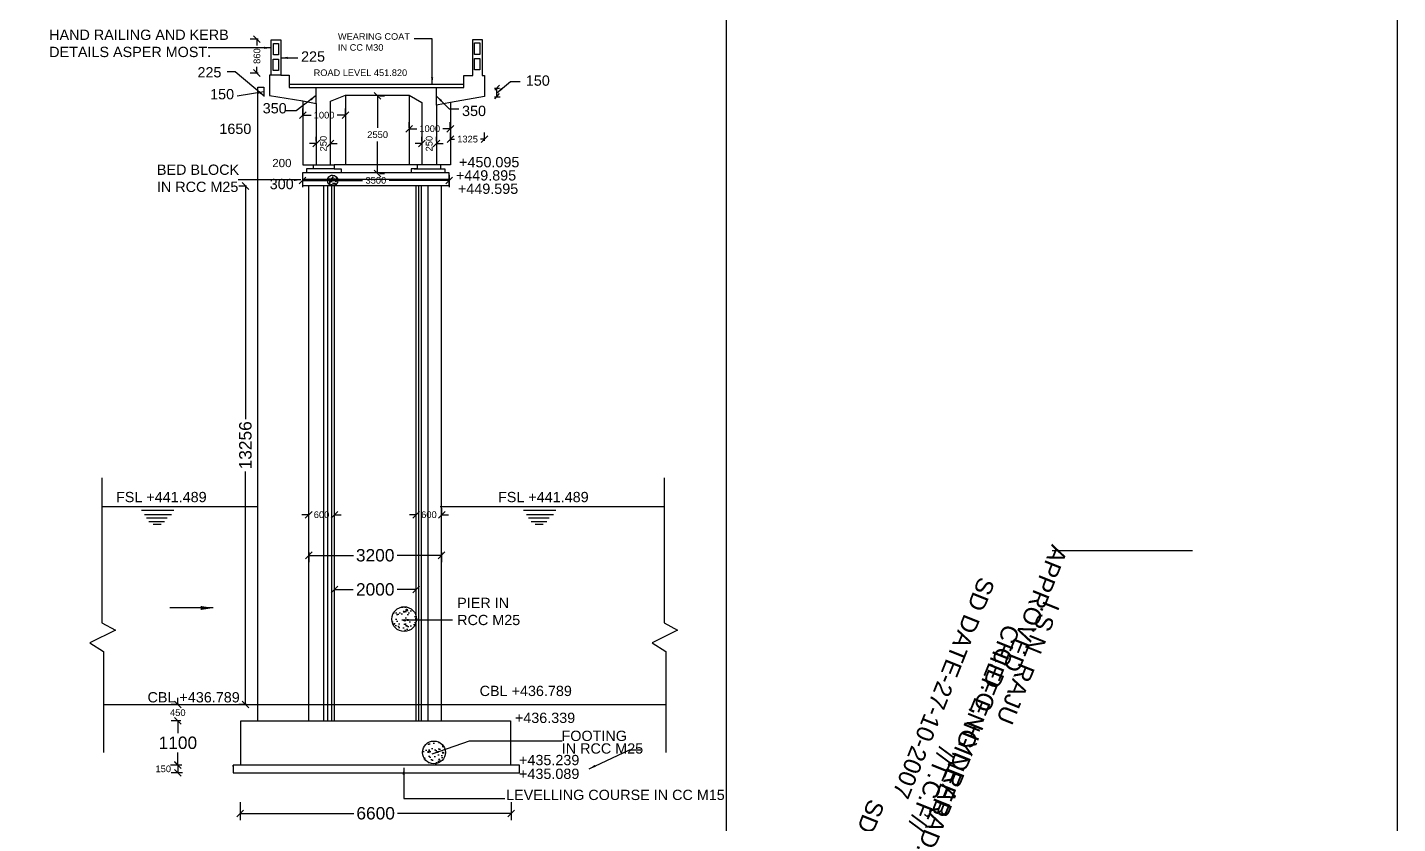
# Model space of a CAD drawing. Header units: inches. Extents: x 19306 to 19400.3, y 18779.3 to 18840.9.
# Drawn here: x 19363.48 to 19400.33, y 18798.8 to 18820.22 of the extents above; entities that cross this region are included whole.
import ezdxf

# ---------------------------------------------------------------- set-up
doc = ezdxf.new("R2010")
doc.units = ezdxf.units.IN
doc.header["$MEASUREMENT"] = 0
for name, color, linetype in [('DIMENSION', 255, 'Continuous'), ('DRAWING', 2, 'Continuous'), ('TEXT', 255, 'Continuous'), ('TXT', 7, 'Continuous'), ('TXT @ 1', 7, 'Continuous')]:
    doc.layers.add(name, color=color, linetype=linetype)
doc.styles.add('Notes', font='arial.ttf', dxfattribs={"height": 0.1})
doc.styles.get("Standard").update_dxf_attribs({"font": 'arial.ttf'})
doc.dimstyles.get("Standard").update_dxf_attribs({"dimtxt": 0.18, "dimasz": 0.18, "dimexe": 0.18, "dimexo": 0.0625, "dimgap": 0.09, "dimtad": 0, "dimtih": 1, "dimtoh": 1, "dimdec": 4, "dimzin": 0, "dimdsep": 46, "dimtxsty": 'Standard', "dimblk": 'OBLIQUE', "dimcen": 0.09, "dimadec": 0, "dimazin": 0, "dimtfac": 1, "dimtdec": 4, "dimtofl": 0, "dimtmove": 0, "dimatfit": 3, "dimfxl": 1, "dimtolj": 1, "dimtzin": 0, "dimarcsym": 0})
pattern_1 = [(50, (0, 0), (0.3586300913, -0.0313760675), [0.0375, -0.4125]), (355, (0, 0), (-0.069375667, 0.376096067), [0.03, -0.33]), (100.4514, (0.0299, -0.0026), (0.289254691, 0.344719771), [0.031870095, -0.350571056]), (46.1842, (0, 0.1), (0.533620524, -0.082759507), [0.05625, -0.61875]), (96.6356, (0.04447, 0.0931), (0.467331353, 0.487058935), [0.047805144, -0.5258565]), (351.1842, (0, 0.1), (0.467330973, 0.4870593), [0.045, -0.495]), (21, (0.05, 0.075), (0.298453526, -0.2013094453), [0.0375, -0.4125]), (326, (0.05, 0.075), (0.121657666, 0.3625750225), [0.03, -0.33]), (71.4514, (0.07487, 0.05822), (0.4201113143, 0.1612652484), [0.031870095, -0.350571056]), (37.5, (0, 0), (0.00607992766, 0.1664469269), [0, -0.326, 0, -0.335, 0, -0.33125]), (7.5, (0, 0), (0.1315347687, 0.197205856), [0, -0.191, 0, -0.3185, 0, -0.12625]), (327.5, (-0.1115, 0), (0.2669112181, -0.0112774359), [0, -0.125, 0, -0.39, 0, -0.5175]), (317.5, (-0.1615, 0), (0.2915930847, 0.0500524912), [0, -0.1625, 0, -0.259, 0, -0.3675])]

# ---------------------------------------------------------------- blocks, each defined once
blk = doc.blocks.new('_Oblique')
at = {"color": 0, "linetype": 'ByBlock', "lineweight": -2}
blk.add_line((-0.5, -0.5), (0.5, 0.5), dxfattribs=at)
blk = doc.blocks.new('*D103')
at = {"layer": 'Defpoints', "color": 0, "transparency": 16777216}
for p in [(19367.664, 18801.568), (19367.524, 18800.376), (19367.664, 18800.376)]:
    blk.add_point(p, dxfattribs=at)
at = {"layer": 'DIMENSION', "color": 0, "lineweight": -2, "transparency": 16777216}
for p, q in [((19367.601, 18801.568), (19367.344, 18801.568)), ((19367.524, 18801.568), (19367.524, 18801.232)), ((19367.524, 18800.376), (19367.524, 18800.712)), ((19367.601, 18800.376), (19367.344, 18800.376))]:
    blk.add_line(p, q, dxfattribs=at)
at = {"layer": 'DIMENSION', "color": 0, "lineweight": -2, "transparency": 16777216, "xscale": 0.18, "yscale": 0.18, "zscale": 0.18}
for p, rotation in [((19367.524, 18801.568), 90), ((19367.524, 18800.376), 270)]:
    blk.add_blockref('_Oblique', p, dxfattribs=dict(at, rotation=rotation))
at = {"layer": 'DIMENSION', "color": 0, "transparency": 16777216, "insert": (19367.524, 18800.972), "char_height": 0.3333, "attachment_point": 5}
blk.add_mtext('\\A1;1100', dxfattribs=at)
blk = doc.blocks.new('*D104')
at = {"layer": 'Defpoints', "color": 0, "transparency": 16777216}
for p in [(19370.88, 18816.312), (19374.818, 18816.312), (19374.818, 18816.104)]:
    blk.add_point(p, dxfattribs=at)
at = {"layer": 'DIMENSION', "color": 0, "lineweight": -2, "transparency": 16777216}
for p, q in [((19370.88, 18816.249), (19370.88, 18815.924)), ((19374.818, 18816.249), (19374.818, 18815.924)), ((19370.88, 18816.104), (19372.491, 18816.104)), ((19374.818, 18816.104), (19373.208, 18816.104))]:
    blk.add_line(p, q, dxfattribs=at)
at = {"layer": 'DIMENSION', "color": 0, "lineweight": -2, "transparency": 16777216, "xscale": 0.18, "yscale": 0.18, "zscale": 0.18, "rotation": 180}
blk.add_blockref('_Oblique', (19370.88, 18816.104), dxfattribs=at)
at = {"layer": 'DIMENSION', "color": 0, "lineweight": -2, "transparency": 16777216, "xscale": 0.18, "yscale": 0.18, "zscale": 0.18}
blk.add_blockref('_Oblique', (19374.818, 18816.104), dxfattribs=at)
at = {"layer": 'DIMENSION', "color": 0, "transparency": 16777216, "insert": (19372.849, 18816.104), "char_height": 0.18, "attachment_point": 5}
blk.add_mtext('\\A1;3500', dxfattribs=at)
blk = doc.blocks.new('*D105')
at = {"layer": 'Defpoints', "color": 0, "transparency": 16777216}
for p in [(19371.042, 18807.031), (19371.734, 18807.109), (19371.734, 18807.031)]:
    blk.add_point(p, dxfattribs=at)
at = {"layer": 'DIMENSION', "color": 0, "lineweight": -2, "transparency": 16777216}
for p, q in [((19371.042, 18807.093), (19371.042, 18807.289)), ((19371.734, 18807.093), (19371.734, 18807.289)), ((19371.042, 18807.109), (19370.862, 18807.109)), ((19371.734, 18807.109), (19371.914, 18807.109))]:
    blk.add_line(p, q, dxfattribs=at)
at = {"layer": 'DIMENSION', "color": 0, "lineweight": -2, "transparency": 16777216, "xscale": 0.18, "yscale": 0.18, "zscale": 0.18}
blk.add_blockref('_Oblique', (19371.042, 18807.109), dxfattribs=at)
at = {"layer": 'DIMENSION', "color": 0, "lineweight": -2, "transparency": 16777216, "xscale": 0.18, "yscale": 0.18, "zscale": 0.18, "rotation": 180}
blk.add_blockref('_Oblique', (19371.734, 18807.109), dxfattribs=at)
at = {"layer": 'DIMENSION', "color": 0, "transparency": 16777216, "insert": (19371.388, 18807.109), "char_height": 0.18, "attachment_point": 5}
blk.add_mtext('\\A1;600', dxfattribs=at)
blk = doc.blocks.new('*D106')
at = {"layer": 'Defpoints', "color": 0, "transparency": 16777216}
for p in [(19371.044, 18806.165), (19374.617, 18806.165), (19374.617, 18806.017)]:
    blk.add_point(p, dxfattribs=at)
at = {"layer": 'DIMENSION', "color": 0, "lineweight": -2, "transparency": 16777216}
for p, q in [((19371.044, 18806.103), (19371.044, 18805.837)), ((19371.044, 18806.017), (19372.244, 18806.017)), ((19374.617, 18806.017), (19373.418, 18806.017)), ((19374.617, 18806.103), (19374.617, 18805.837))]:
    blk.add_line(p, q, dxfattribs=at)
at = {"layer": 'DIMENSION', "color": 0, "lineweight": -2, "transparency": 16777216, "xscale": 0.18, "yscale": 0.18, "zscale": 0.18, "rotation": 180}
blk.add_blockref('_Oblique', (19371.044, 18806.017), dxfattribs=at)
at = {"layer": 'DIMENSION', "color": 0, "lineweight": -2, "transparency": 16777216, "xscale": 0.18, "yscale": 0.18, "zscale": 0.18}
blk.add_blockref('_Oblique', (19374.617, 18806.017), dxfattribs=at)
at = {"layer": 'DIMENSION', "color": 0, "transparency": 16777216, "insert": (19372.831, 18806.017), "char_height": 0.3333, "attachment_point": 5}
blk.add_mtext('\\A1;3200', dxfattribs=at)
blk = doc.blocks.new('*D107')
at = {"layer": 'Defpoints', "color": 0, "transparency": 16777216}
for p in [(19373.929, 18805.099), (19371.734, 18804.851), (19373.929, 18804.851)]:
    blk.add_point(p, dxfattribs=at)
at = {"layer": 'DIMENSION', "color": 0, "lineweight": -2, "transparency": 16777216}
for p, q in [((19371.734, 18804.913), (19371.734, 18805.279)), ((19371.734, 18805.099), (19372.242, 18805.099)), ((19373.929, 18805.099), (19373.422, 18805.099)), ((19373.929, 18804.913), (19373.929, 18805.279))]:
    blk.add_line(p, q, dxfattribs=at)
at = {"layer": 'DIMENSION', "color": 0, "lineweight": -2, "transparency": 16777216, "xscale": 0.18, "yscale": 0.18, "zscale": 0.18, "rotation": 180}
blk.add_blockref('_Oblique', (19371.734, 18805.099), dxfattribs=at)
at = {"layer": 'DIMENSION', "color": 0, "lineweight": -2, "transparency": 16777216, "xscale": 0.18, "yscale": 0.18, "zscale": 0.18}
blk.add_blockref('_Oblique', (19373.929, 18805.099), dxfattribs=at)
at = {"layer": 'DIMENSION', "color": 0, "transparency": 16777216, "insert": (19372.832, 18805.099), "char_height": 0.3333, "attachment_point": 5}
blk.add_mtext('\\A1;2000', dxfattribs=at)
blk = doc.blocks.new('*D108')
at = {"layer": 'Defpoints', "color": 0, "transparency": 16777216}
for p in [(19374.855, 18817.109), (19375.775, 18817.213), (19375.775, 18817.109)]:
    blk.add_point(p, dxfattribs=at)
● ● ●
→ **Aim of the exercise**: All lines in the listing above between the line with "blk = doc.blocks.new('*D105')" and the line with "(19371.044, 18806.017), dxfattribs=at)", inclusive, should be set down exactly, and no line outside that range.

→ **Result of the exercise**:
blk = doc.blocks.new('*D105')
at = {"layer": 'Defpoints', "color": 0, "transparency": 16777216}
for p in [(19371.042, 18807.031), (19371.734, 18807.109), (19371.734, 18807.031)]:
    blk.add_point(p, dxfattribs=at)
at = {"layer": 'DIMENSION', "color": 0, "lineweight": -2, "transparency": 16777216}
for p, q in [((19371.042, 18807.093), (19371.042, 18807.289)), ((19371.734, 18807.093), (19371.734, 18807.289)), ((19371.042, 18807.109), (19370.862, 18807.109)), ((19371.734, 18807.109), (19371.914, 18807.109))]:
    blk.add_line(p, q, dxfattribs=at)
at = {"layer": 'DIMENSION', "color": 0, "lineweight": -2, "transparency": 16777216, "xscale": 0.18, "yscale": 0.18, "zscale": 0.18}
blk.add_blockref('_Oblique', (19371.042, 18807.109), dxfattribs=at)
at = {"layer": 'DIMENSION', "color": 0, "lineweight": -2, "transparency": 16777216, "xscale": 0.18, "yscale": 0.18, "zscale": 0.18, "rotation": 180}
blk.add_blockref('_Oblique', (19371.734, 18807.109), dxfattribs=at)
at = {"layer": 'DIMENSION', "color": 0, "transparency": 16777216, "insert": (19371.388, 18807.109), "char_height": 0.18, "attachment_point": 5}
blk.add_mtext('\\A1;600', dxfattribs=at)
blk = doc.blocks.new('*D106')
at = {"layer": 'Defpoints', "color": 0, "transparency": 16777216}
for p in [(19371.044, 18806.165), (19374.617, 18806.165), (19374.617, 18806.017)]:
    blk.add_point(p, dxfattribs=at)
at = {"layer": 'DIMENSION', "color": 0, "lineweight": -2, "transparency": 16777216}
for p, q in [((19371.044, 18806.103), (19371.044, 18805.837)), ((19371.044, 18806.017), (19372.244, 18806.017)), ((19374.617, 18806.017), (19373.418, 18806.017)), ((19374.617, 18806.103), (19374.617, 18805.837))]:
    blk.add_line(p, q, dxfattribs=at)
at = {"layer": 'DIMENSION', "color": 0, "lineweight": -2, "transparency": 16777216, "xscale": 0.18, "yscale": 0.18, "zscale": 0.18, "rotation": 180}
blk.add_blockref('_Oblique', (19371.044, 18806.017), dxfattribs=at)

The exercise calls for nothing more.